### DESCRIPTION OF THE TASK
All of the listing is to be written out word for word, with the pictures left out.

- - -

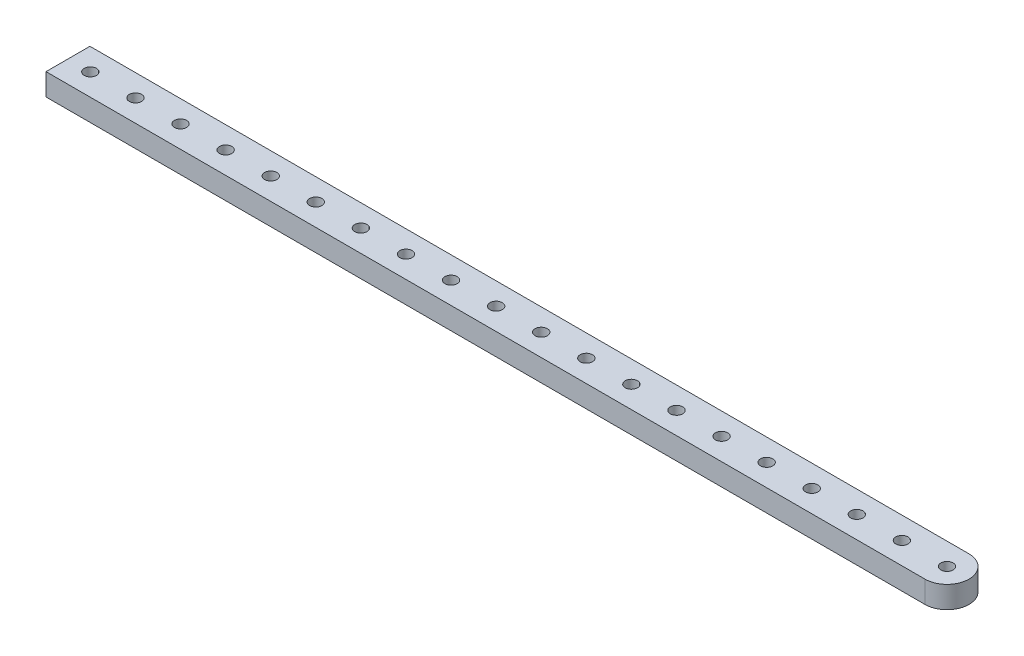
SolidWorks part; units mm, degrees
ref_plane "Front Plane" through (0, 0, 0) normal (0, 0, 1) x (1, 0, 0)
ref_plane "Top Plane" through (0, 0, 0) normal (0, 1, 0) x (1, 0, 0)
ref_plane "Right Plane" through (0, 0, 0) normal (1, 0, 0) x (0, 0, -1)
ref_plane "Plane1" through (0, 6.35, 0) normal (0, 1, 0) x (1, 0, 0)
sketch "Sketch1" plane through (0, 6.35, 0) normal (0, 1, 0) x (1, 0, 0)
  line L0 (130.3867, 6.35) -> (-130.3867, 6.35)
  line L1 (-130.3867, -6.35) -> (130.3867, -6.35)
  arc A0 (130.3867, -6.35) -> (130.3867, 6.35) centre (130.3867, 0) ccw
  arc A1 (-130.3867, 6.35) -> (-130.3867, -6.35) centre (-130.3867, 0) ccw
  circle A2 centre (130.3867, 0) radius 1.778
  circle A3 centre (117.348, 0) radius 1.778
  circle A4 centre (104.3093, 0) radius 1.778
  circle A5 centre (91.2707, 0) radius 1.778
  circle A6 centre (78.232, 0) radius 1.778
  circle A7 centre (65.1933, 0) radius 1.778
  circle A8 centre (52.1547, 0) radius 1.778
  circle A9 centre (39.116, 0) radius 1.778
  circle A10 centre (26.0773, 0) radius 1.778
  circle A11 centre (13.0387, 0) radius 1.778
  circle A12 centre (0, 0) radius 1.778
  circle A13 centre (-13.0387, 0) radius 1.778
  circle A14 centre (-26.0773, 0) radius 1.778
  circle A15 centre (-39.116, 0) radius 1.778
  circle A16 centre (-52.1547, 0) radius 1.778
  circle A17 centre (-65.1933, 0) radius 1.778
  circle A18 centre (-78.232, 0) radius 1.778
  circle A19 centre (-91.2707, 0) radius 1.778
  circle A20 centre (-104.3093, 0) radius 1.778
  circle A21 centre (-117.348, 0) radius 1.778
  circle A22 centre (-130.3867, 0) radius 1.778
  dimension "D2" = 3.556
  dimension "D1" = 12.7
extrude "Boss-Extrude1" add sketch "Sketch1" against normal blind 6.35
sketch "Sketch2" plane through (0, 6.35, 0) normal (0, 1, 0) x (1, 0, 0)
  line L1 (-143.2999, 6.9145) -> (-123.8246, 6.9145)
  line L2 (-143.2999, 6.9145) -> (-143.2999, -9.6103)
  line L3 (-143.2999, -9.6103) -> (-123.8246, -9.6103)
  line L4 (-123.8246, 6.9145) -> (-123.8246, -9.6103)
extrude "Cut-Extrude1" cut sketch "Sketch2" against normal blind 10.16

- - -

### EXERCISE RESULT
SolidWorks part; units mm, degrees
ref_plane "Front Plane" through (0, 0, 0) normal (0, 0, 1) x (1, 0, 0)
ref_plane "Top Plane" through (0, 0, 0) normal (0, 1, 0) x (1, 0, 0)
ref_plane "Right Plane" through (0, 0, 0) normal (1, 0, 0) x (0, 0, -1)
ref_plane "Plane1" through (0, 6.35, 0) normal (0, 1, 0) x (1, 0, 0)
sketch "Sketch1" plane through (0, 6.35, 0) normal (0, 1, 0) x (1, 0, 0)
  line L0 (130.3867, 6.35) -> (-130.3867, 6.35)
  line L1 (-130.3867, -6.35) -> (130.3867, -6.35)
  arc A0 (130.3867, -6.35) -> (130.3867, 6.35) centre (130.3867, 0) ccw
  arc A1 (-130.3867, 6.35) -> (-130.3867, -6.35) centre (-130.3867, 0) ccw
  circle A2 centre (130.3867, 0) radius 1.778
  circle A3 centre (117.348, 0) radius 1.778
  circle A4 centre (104.3093, 0) radius 1.778
  circle A5 centre (91.2707, 0) radius 1.778
  circle A6 centre (78.232, 0) radius 1.778
  circle A7 centre (65.1933, 0) radius 1.778
  circle A8 centre (52.1547, 0) radius 1.778
  circle A9 centre (39.116, 0) radius 1.778
  circle A10 centre (26.0773, 0) radius 1.778
  circle A11 centre (13.0387, 0) radius 1.778
  circle A12 centre (0, 0) radius 1.778
  circle A13 centre (-13.0387, 0) radius 1.778
  circle A14 centre (-26.0773, 0) radius 1.778
  circle A15 centre (-39.116, 0) radius 1.778
  circle A16 centre (-52.1547, 0) radius 1.778
  circle A17 centre (-65.1933, 0) radius 1.778
  circle A18 centre (-78.232, 0) radius 1.778
  circle A19 centre (-91.2707, 0) radius 1.778
  circle A20 centre (-104.3093, 0) radius 1.778
  circle A21 centre (-117.348, 0) radius 1.778
  circle A22 centre (-130.3867, 0) radius 1.778
  dimension "D2" = 3.556
  dimension "D1" = 12.7
extrude "Boss-Extrude1" add sketch "Sketch1" against normal blind 6.35
sketch "Sketch2" plane through (0, 6.35, 0) normal (0, 1, 0) x (1, 0, 0)
  line L1 (-143.2999, 6.9145) -> (-123.8246, 6.9145)
  line L2 (-143.2999, 6.9145) -> (-143.2999, -9.6103)
  line L3 (-143.2999, -9.6103) -> (-123.8246, -9.6103)
  line L4 (-123.8246, 6.9145) -> (-123.8246, -9.6103)
extrude "Cut-Extrude1" cut sketch "Sketch2" against normal blind 10.16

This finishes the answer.